Green Lantern #64

Poor Hal Jordan. Every time he thinks he's free of another big crossover event (either between "Green Lantern" and its associated titles, or with the entire DC Universe line) he turns around and gets pulled into a new one. This time it's "War of the Green Lanterns," which is confined to just "Green Lantern" and its two sister titles.

Fortunately, after getting a "Green Lantern" comic that's been a bit adrift since the conclusion of "Blackest Night," it's starting to feel like there's energy in the title again. Sure, part of the comic is setup for the rest of the story, but unlike past issues it's a bit more peppy and intriguing. The rainbow Lanterns team going up against the Book of the Black is surprisingly entertaining, and Krona's attack on Oa? Well, I suspect a lot of readers will be quietly cheering Krona on. He might be the bad guy, but it's rather entertaining to watch the snide Guardians get taken down.

The best part of the issue, though, falls into the hands of Doug Mahnke and his four-man inking squad. After all, when you can make an oversized book look creepy, you know you're doing something right. It's the assault on Oa that is especially memorable, though; the mass of emotional spectrum entities looks wonderful and dramatic, and the aftermath of the attack is one of Mahnke's creepier illustrations to date on "Green Lantern." It's simultaneously alien in appearance, and yet instantly recognizable in what's happened to the characters.

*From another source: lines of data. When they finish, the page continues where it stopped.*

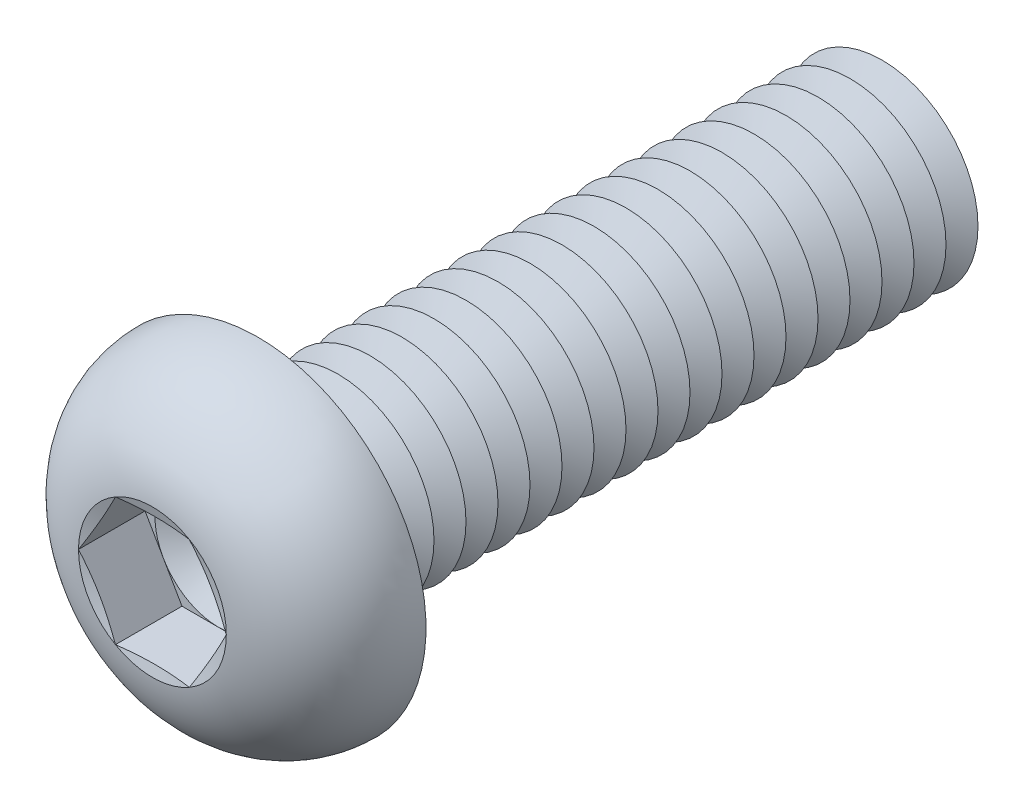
from build123d import *

# Parameters (mm, degrees)
FILLET1_R          = 0.5
LPATTERN1_COUNT    = 20
LPATTERN1_PITCH    = 1
CUT_EXTRUDE1_DEPTH = 2.08


with BuildPart() as part:
    # Sketch1 → Revolve1 (revolve)
    with BuildSketch(Plane(origin=(0, 0, 0), x_dir=(0, 0, -1), z_dir=(1, 0, 0)), mode=Mode.PRIVATE) as revolve1_sk:
        with BuildLine():
            Line((0, 3), (0, 5.25))
            ThreePointArc((0, 5.25), (-2.210041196, 4.408189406), (-3.3, 2.3094))
            Line((-3.3, 2.3094), (-2.990599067, 1.1547))
            Line((-2.990599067, 1.1547), (-3.3, 1.1547))
            Line((-3.3, 1.1547), (-3.3, 0))
            Line((-3.3, 0), (20, 0))
            Line((20, 0), (20, 3))
            Line((20, 3), (0, 3))
        make_face()
    revolve(revolve1_sk.sketch.rotate(Axis((0, 0, -20), (0, 0, 1)), 90), axis=Axis((0, 0, -20), (0, 0, 1)))

    # Fillet1
    fillet1_edges = [part.edges().sort_by_distance(p)[0] for p in [
        (3, 0, 0),
    ]]
    fillet(fillet1_edges, radius=FILLET1_R)

    # Sketch2 → Cut-Revolve1 (revolve, cut)
    with BuildSketch(Plane(origin=(0, 0, 0), x_dir=(0, 0, -1), z_dir=(1, 0, 0)), mode=Mode.PRIVATE) as cut_revolve1_sk:
        Polygon((19.5, 3), (20.5, 3), (20, 2.133974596), align=None)
    cut_revolve1 = revolve(cut_revolve1_sk.sketch.rotate(Axis((0, 0, -20), (0, 0, -1)), 270), axis=Axis((0, 0, -20), (0, 0, -1)), mode=Mode.SUBTRACT)

    # LPattern1: Cut-Revolve1 ×20
    with Locations(*[(0, 0, i * LPATTERN1_PITCH) for i in range(1, LPATTERN1_COUNT)]):
        add(cut_revolve1, mode=Mode.SUBTRACT)

    # Sketch3 → Cut-Extrude1 (cut)
    with BuildSketch(Plane.XY.offset(3.3)):
        Polygon((1.1547, 1.999999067), (-1.1547, 1.999999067), (-2.3094, 0), (-1.1547, -1.999999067), (1.1547, -1.999999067), (2.3094, 0), align=None)
    extrude(amount=-CUT_EXTRUDE1_DEPTH, mode=Mode.SUBTRACT)

    # Cut-Extrude2 cone 1 section (on through the dimple's axis) → Cut-Extrude2 (revolve, cut)
    with BuildSketch(Plane(origin=(0, 0, 1.22), x_dir=(0, -1, 0), z_dir=(1, 0, 0))):
        Polygon((0, 0), (1.999999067, 0), (0, 1.1547), align=None)
    revolve(axis=Axis((0, 0, 1.22), (0, 0, -1)), mode=Mode.SUBTRACT)


solid = part.part

The one downside to this first chapter of "War of the Green Lanterns" is the strong insinuation that we're heading towards a partial reset of the property. Hal Jordan sans Guardians and a yellow impurity might not be the end result of this story, but even the hint that it's heading that way is disappointing. The past couple of years of "Green Lantern" have explored new ground, characters, and concepts; hopefully this is just a tease from Johns and he's not able to revert the title to a much older status quo. For now, though, it's a strong enough chapter on its own that I'll stick around to see just what Johns and company really have in store for us.